FIG. 2 is a schematic side view of an engine compartment 130 with
an embodiment of the heat exchanger blower assembly 32. As shown in
FIG. 2, the wand(s) 54 of the blower assembly 32 can be positioned
at a rear side 36R of the heat exchanger 36, and located in between
the heat exchanger 36 and the fan 38. Debris 62 can collect on a
front side 36F of the heat exchanger 36, or within the heat
exchanger 36. The front side 36F is located generally opposite the
rear side 36R. The fluid 66 can be directed from the wand(s) 54 to
the heat exchanger 36 at an desired angle, such as at 90.degree. to
the rear side 36R or at smaller angles (e.g., down to
0.degree.).
FIG. 3 is a perspective view of the heat exchanger 36 and a portion
of one embodiment of the heat exchanger blower assembly 32. The
heat exchanger 36, as shown in FIG. 3, has a plurality of fins 136
(only a small portion of the fins 136 are shown in FIG. 3, for
simplicity) used to increase surface area for thermal energy
transfer to ambient air 60. The blower assembly 32 includes the
movement mechanism 56 located adjacent to the heat exchanger 36,
such as in a mounting location along a periphery of the heat
exchanger 36, and at or near a corner (e.g., lower corner) of the
heat exchanger 36 in the illustrated embodiment.

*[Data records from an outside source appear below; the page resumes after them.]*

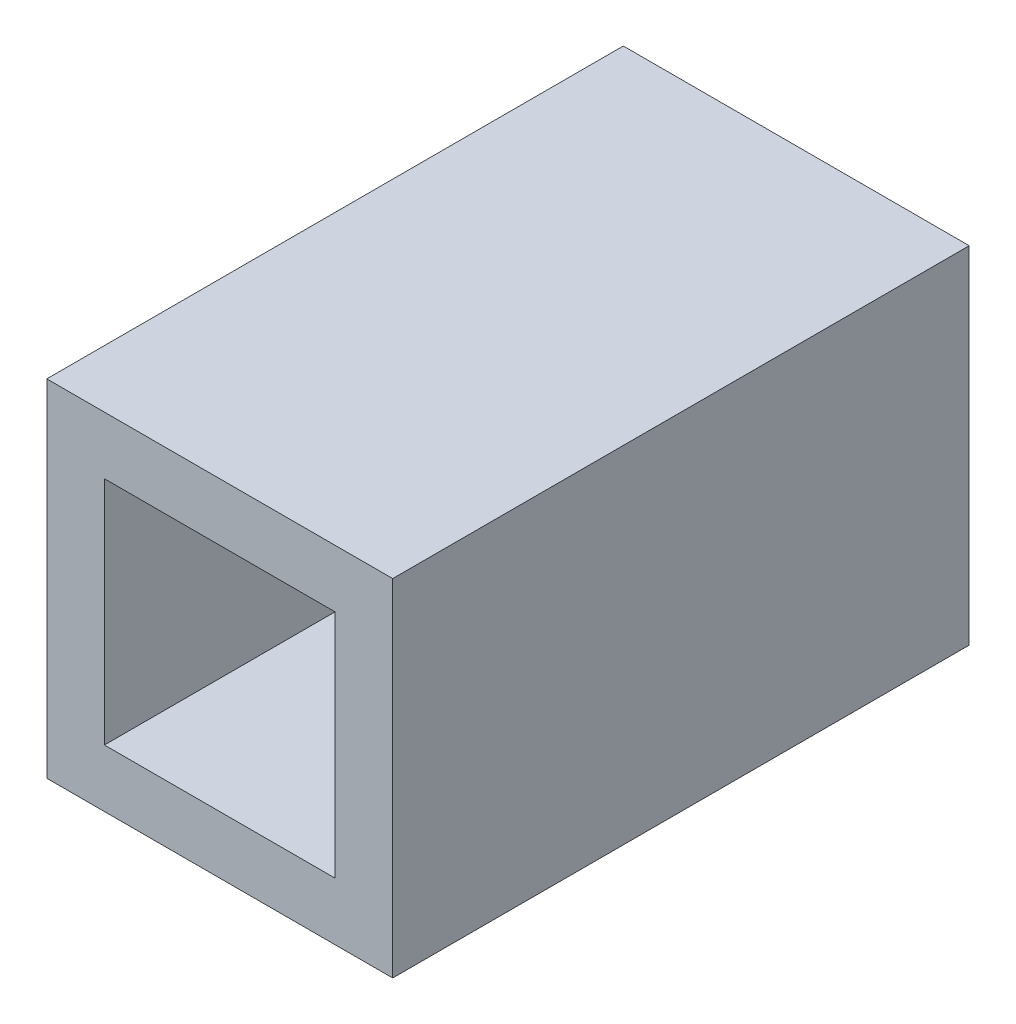
SolidWorks part; units mm, degrees
material "Custom Plastic"
ref_plane "Front Plane" through (0, 0, 0) normal (0, 0, 1) x (1, 0, 0)
ref_plane "Top Plane" through (0, 0, 0) normal (0, 1, 0) x (1, 0, 0)
ref_plane "Right Plane" through (0, 0, 0) normal (1, 0, 0) x (0, 0, -1)
other "Configuration Table"
sketch "Sketch1" plane through (0, 0, 0) normal (1, 0, 0) x (0, 0, -1)
  line L1 (0, 30) -> (-100, 30)
  line L2 (0, 30) -> (0, -30)
  line L3 (0, -30) -> (-100, -30)
  line L4 (-100, 30) -> (-100, -30)
  dimension "D1" = 60
  dimension "D2" = 100
extrude "Boss-Extrude1" add sketch "Sketch1" along normal mid plane 60
sketch "Sketch2" plane through (0, 0, 0) normal (1, 0, 0) x (0, 0, -1)
  line L0 (0, 20) -> (0, -20)
  line L1 (0, -30) -> (0, 30) construction
  line L2 (0, 20) -> (-100, 20)
  line L3 (-100, 30) -> (-100, -30) construction
  line L4 (-100, 20) -> (-100, -20)
  line L5 (-100, -20) -> (0, -20)
  line L9 (0, 0) -> (-100, 0) construction
  line L10 (-100, 30) -> (-100, -30) construction
  point P15 (-50, 0)
  dimension "D1" = 40
extrude "Cut-Extrude1" cut sketch "Sketch2" against normal mid plane 40

The blower assembly 32 includes a first wand 54A and a second wand
54B, each configured with a generally elongate, tubular shape, such
as a cylindrical shape. The wands 54A and 54B are positioned in a
closely spaced, parallel arrangement in the illustrated embodiment.
In further embodiments, the wands 54A and 54B can be positioned at
an angle relative to each other, with the angle being relatively
small and generally less than 90.degree.. The wands 54A and 54B are
commonly supported for pivoting motion about a single pivot axis A.
The movement mechanism 56 can selectively produce movement of the
wands 54A and 54B, with the tubes 52A and 52B permitting such
movement, such as through flexure. The wands 54A and 54B can be
configured to pivot approximately 90.degree. about the axis A and
back again during operation.
In further embodiments, the blower assembly 32 can be duplicated,
or at least additional wands 54 can be provided, such as with wands
54 located at another corner or other peripheral location of the
heat exchanger 36 to pivot and sweep across other areas of the heat
exchanger 36.
FIG. 4 is an enlarged, exploded perspective view of portions of the
heat exchanger blower assembly 32. The movement mechanism 56, as
shown in FIG. 4, includes a motor and gearbox assembly 200, a
coupler 202, bearings 204, a drive shaft 206, a mounting plate 208,
mounting brackets 210, and mounting block 212. The drive shaft 206
connects the motor and gearbox assembly 200 to the mounting plate
208, and is rotationally supported relative to the mounting block
212 by the bearings 204. The drive shaft 206 can pass through the
coupler 202, which can be positioned between the motor and gearbox
assembly 200 and the mounting block 212. The wands 54A and 54B can
be secured to the mounting plate 208 at or near the axis A with the
mounting brackets 210. In one embodiment the wands 54A and 54B are
secured at or near one end, such that the wands 54A and 54B extend
outward in a cantilevered configuration.
FIG. 5 is a side view of an embodiment of one of the wands 54,
which has a body 216, a cap 218, a fitting 220 and outlet orifices
222A-222E (collectively referred to by reference number 222). As
shown, the body 216 is substantially cylindrical, though in other
embodiments other shapes can be used. The body can be made of a
polymer material, a metal (e.g., aluminum, steel), or other
suitable materials. In one embodiment the body 216 can be made of
cross-linked polyethylene (PEX) tubing. In one embodiment, the body
216 can be less than or equal to approximately 24 inches (e.g.,
approximately 23 inches) long with an inner diameter of
approximately 1/4 inch. The cap 218 can be positioned at a free,
distal end of the body 216 to fluidically seal that end. The
fitting 220 can be positioned at a proximal end of the body 216,
opposite the cap 218, to facilitate connection of the wand 54 to
one of the tubes 52A or 52B. There are five circularly-shaped
outlet orifices 222A-222E arranged in a linear pattern in the
illustrated embodiment, though the number of outlets (e.g., three)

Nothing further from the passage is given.